日本にはSuicaをはじめ様々な電子マネーがある。しかし、それらはちょっと用途の広い図書券みたいなものだから、お金の代わりにはならない。「電子マネー」がお金なのは名前(マネー)だけで実際には用途限定の商品券でしかない。お金がお金であるのは万人が同じ価値を認めているから。ある人が持っている一万円は他の誰から見ても一万円の価値があり2万円に増えたり1000円に目減りしたりはしない。電子マネーは、それが使えるお店なら価値があったとしても、使えないお店なら価値はない。そもそもお金に戻せないこと自体、本質的にお金の意味を失っている。
また、いちいちお金をチャージしなければならないというのもおかしい。普通、私たちは日常的に使うお金を現金として財布に入れて持ち歩いている。チャージもそれと似たようなものと考えることができるのかも知れないが、だったら財布の現金を銀行口座に預けるのと同様にお金に戻せるようにして欲しい。さらに電子マネーのカードを落として誰かに拾われたら使われてしまうことを防げない。現金も他人に拾われたら使われるが、せっかく電子化したのにモノとしての現金と同じ欠点を引き継ぐ必要はない。こういう欠点は日本で普及している電子マネーのほとんどがプリペイド方式(事前にお金を支払う方式)ゆえの欠点だと思う。
クレジットカード方式(後から支払う方式)の電子マネーであれば、これまで書いたプリペイド方式の欠点のほとんどをなくすことができる。プリペイド方式の場合、使える店舗に制限があるとは言えずっと普及しているし、チャージは不要、紛失しても認証(暗証番号や指紋認証等)が必要なので他人は使えない。だからこそiPhoneのApplePayのサービスが日本で開始されるのを心待ちにしている。

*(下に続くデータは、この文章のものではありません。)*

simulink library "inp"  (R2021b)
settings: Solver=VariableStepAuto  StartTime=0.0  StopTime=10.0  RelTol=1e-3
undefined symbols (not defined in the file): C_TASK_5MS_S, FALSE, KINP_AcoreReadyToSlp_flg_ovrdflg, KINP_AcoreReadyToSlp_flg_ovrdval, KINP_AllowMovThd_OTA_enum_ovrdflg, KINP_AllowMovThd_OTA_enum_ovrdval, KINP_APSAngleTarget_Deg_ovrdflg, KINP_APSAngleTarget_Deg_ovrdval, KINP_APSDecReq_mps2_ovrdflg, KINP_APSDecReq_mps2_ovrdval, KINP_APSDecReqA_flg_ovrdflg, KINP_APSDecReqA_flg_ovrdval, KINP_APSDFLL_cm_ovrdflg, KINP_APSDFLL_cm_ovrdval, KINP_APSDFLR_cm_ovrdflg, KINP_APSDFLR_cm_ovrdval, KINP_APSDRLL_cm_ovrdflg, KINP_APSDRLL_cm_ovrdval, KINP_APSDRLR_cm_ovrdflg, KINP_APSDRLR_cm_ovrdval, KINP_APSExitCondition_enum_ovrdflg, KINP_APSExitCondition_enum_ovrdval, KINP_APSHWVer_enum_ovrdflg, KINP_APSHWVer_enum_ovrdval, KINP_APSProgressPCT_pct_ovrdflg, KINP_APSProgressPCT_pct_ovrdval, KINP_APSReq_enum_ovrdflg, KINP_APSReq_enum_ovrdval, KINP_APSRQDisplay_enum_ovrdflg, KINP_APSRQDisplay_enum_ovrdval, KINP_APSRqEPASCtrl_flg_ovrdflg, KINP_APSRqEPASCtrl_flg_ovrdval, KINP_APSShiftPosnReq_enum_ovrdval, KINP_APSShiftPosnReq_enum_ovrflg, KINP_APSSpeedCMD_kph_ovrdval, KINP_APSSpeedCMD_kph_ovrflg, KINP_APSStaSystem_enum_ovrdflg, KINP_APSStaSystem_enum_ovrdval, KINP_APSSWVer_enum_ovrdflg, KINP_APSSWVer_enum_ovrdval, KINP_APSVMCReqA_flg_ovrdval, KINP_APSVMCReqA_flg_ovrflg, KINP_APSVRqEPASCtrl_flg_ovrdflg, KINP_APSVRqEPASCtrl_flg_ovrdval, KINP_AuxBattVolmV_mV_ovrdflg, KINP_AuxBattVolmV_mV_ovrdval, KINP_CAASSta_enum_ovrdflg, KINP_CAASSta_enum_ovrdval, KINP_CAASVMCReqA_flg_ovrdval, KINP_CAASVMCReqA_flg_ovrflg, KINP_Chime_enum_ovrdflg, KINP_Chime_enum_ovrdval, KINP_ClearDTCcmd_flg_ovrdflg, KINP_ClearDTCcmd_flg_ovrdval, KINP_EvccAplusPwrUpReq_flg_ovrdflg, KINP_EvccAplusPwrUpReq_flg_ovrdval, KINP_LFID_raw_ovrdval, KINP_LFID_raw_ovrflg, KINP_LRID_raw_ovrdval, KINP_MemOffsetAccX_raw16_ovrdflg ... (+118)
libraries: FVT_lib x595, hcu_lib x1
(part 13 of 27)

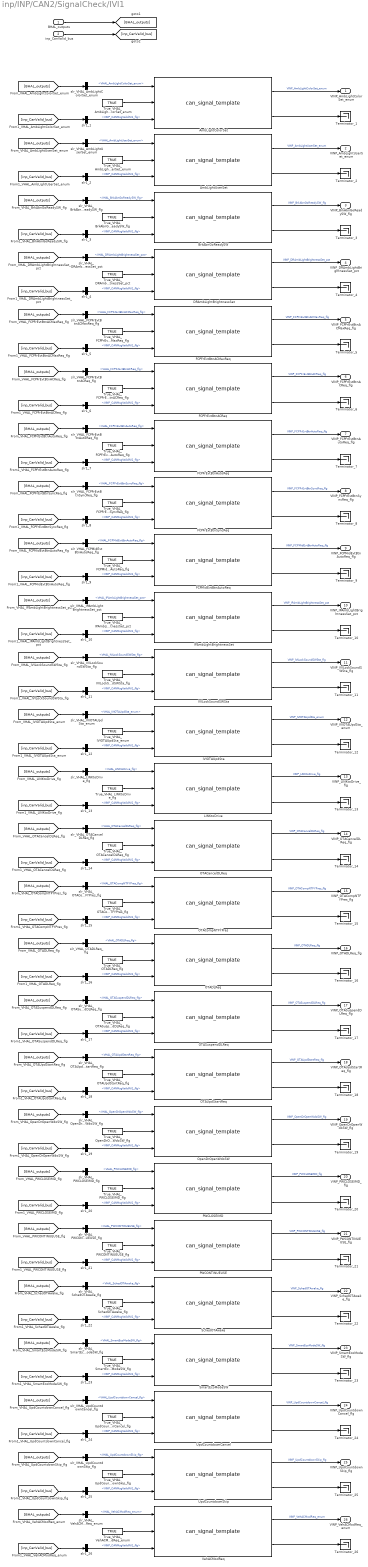
== system inp/INP/CAN2/SignalCheck/IVI1 ==
  BHAL_outputs : Inport
  inp_CanValid_bus : Inport  Port=2
  AmbLightColorSet : FVT_lib/inp/can_signal_template  SystemSampleTime=-1  VariantActivationTime=update diagram  Latency=0  AutoFrameSizeCalculation=off
      link override defval: Value=KINP_AmbLightColorSet_enum_defval
      link override fftdec: Value=KINP_AmbLightColorSet_enum_fftdec
      link override fftinc: Value=KINP_AmbLightColorSet_enum_fftinc
      link override fftlim: Value=KINP_AmbLightColorSet_enum_fftlim
      link override invalid: Value=KINP_AmbLightColorSet_enum_invalid
      link override ovrdflg: Value=KINP_AmbLightColorSet_enum_ovrdflg
      link override ovrdval: Value=KINP_AmbLightColorSet_enum_ovrdval
      link override setvalid: Value=KINP_AmbLightColorSet_enum_setvalid
      link override srvcflg: Value=KINP_AmbLightColorSet_enum_srvcflg
      link override srvcval: Value=KINP_AmbLightColorSet_enum_srvcval
  AmbLightUserSet : FVT_lib/inp/can_signal_template  SystemSampleTime=-1  VariantActivationTime=update diagram  Latency=0  AutoFrameSizeCalculation=off
      link override defval: Value=KINP_AmbLightUserSet_enum_defval
      link override fftdec: Value=KINP_AmbLightUserSet_enum_fftdec
      link override fftinc: Value=KINP_AmbLightUserSet_enum_fftinc
      link override fftlim: Value=KINP_AmbLightUserSet_enum_fftlim
      link override invalid: Value=KINP_AmbLightUserSet_enum_invalid
      link override ovrdflg: Value=KINP_AmbLightUserSet_enum_ovrdflg
      link override ovrdval: Value=KINP_AmbLightUserSet_enum_ovrdval
      link override setvalid: Value=KINP_AmbLightUserSet_enum_setvalid
      link override srvcflg: Value=KINP_AmbLightUserSet_enum_srvcflg
      link override srvcval: Value=KINP_AmbLightUserSet_enum_srvcval
  BrkAbnGoReadySW : FVT_lib/inp/can_signal_template  SystemSampleTime=-1  VariantActivationTime=update diagram  Latency=0  AutoFrameSizeCalculation=off
      link override defval: Value=KINP_BrkAbnGoReadySW_flg_defval
      link override fftdec: Value=KINP_BrkAbnGoReadySW_flg_fftdec
      link override fftinc: Value=KINP_BrkAbnGoReadySW_flg_fftinc
      link override fftlim: Value=KINP_BrkAbnGoReadySW_flg_fftlim
      link override invalid: Value=KINP_BrkAbnGoReadySW_flg_invalid
      link override ovrdflg: Value=KINP_BrkAbnGoReadySW_flg_ovrdflg
      link override ovrdval: Value=KINP_BrkAbnGoReadySW_flg_ovrdval
      link override setvalid: Value=KINP_BrkAbnGoReadySW_flg_setvalid
      link override srvcflg: Value=KINP_BrkAbnGoReadySW_flg_srvcflg
      link override srvcval: Value=KINP_BrkAbnGoReadySW_flg_srvcval
  DRAmbLightBrightnessSet : FVT_lib/inp/can_signal_template  SystemSampleTime=-1  VariantActivationTime=update diagram  Latency=0  AutoFrameSizeCalculation=off
      link override defval: Value=KINP_DRAmbLightBrightnessSet_pct_defval
      link override fftdec: Value=KINP_DRAmbLightBrightnessSet_pct_fftdec
      link override fftinc: Value=KINP_DRAmbLightBrightnessSet_pct_fftinc
      link override fftlim: Value=KINP_DRAmbLightBrightnessSet_pct_fftlim
      link override invalid: Value=KINP_DRAmbLightBrightnessSet_pct_invalid
      link override ovrdflg: Value=KINP_DRAmbLightBrightnessSet_pct_ovrdflg
      link override ovrdval: Value=KINP_DRAmbLightBrightnessSet_pct_ovrdval
      link override setvalid: Value=KINP_DRAmbLightBrightnessSet_pct_setvalid
      link override srvcflg: Value=KINP_DRAmbLightBrightnessSet_pct_srvcflg
      link override srvcval: Value=KINP_DRAmbLightBrightnessSet_pct_srvcval
  FCPFrEvtBtnACMaxReq : FVT_lib/inp/can_signal_template  SystemSampleTime=-1  VariantActivationTime=update diagram  Latency=0  AutoFrameSizeCalculation=off
      link override defval: Value=KINP_FCPFrEvtBtnACMaxReq_flg_defval
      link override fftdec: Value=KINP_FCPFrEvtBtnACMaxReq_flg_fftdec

もし現金が無くなれば、現金輸送車もATMも銀行強盗も存在しなくなる。それに関わるサービスも機械も必要なくなる。現金に関わる負担は実際にはかなり大きな金額だと思うが、それを商品の価格として負担しているのは我々消費者だろう。TV CMなどの広告費を意識していないのと同じだ。気になるのはお年玉みたいな個人間のお金のやりとりなのだが、ポチ袋に拘るなら小切手、拘らないなら近い将来メッセンジャーの送信で送金できるようになっている気がする。あと、政治の世界でも使途不明金が一掃されてクリーンになるんではないだろうか。5千万円の現金をバッグに入れて運ぶこともできなくなるだろうし。

補足

お金の電子化って電子書籍と似ていると思う。今の本の多くはデータとして原稿が作られていると思うが、紙の本の場合はいちいち紙に印刷してトラックで書く書店に配送して店舗に並べて読者に販売する。電子書籍を希望する読者は買った本を裁断してスキャナで取り込んで電子化(データ化)する。出版社が持っているのがデータなら、それをそのまま販売する方が出版社にとっても読者にとっても無駄がなくて便利だと思う。お金も現金にすることでいろんな負担や不便が発生しているのでそれをやめられないか、という話。技術的には可能になっている思う。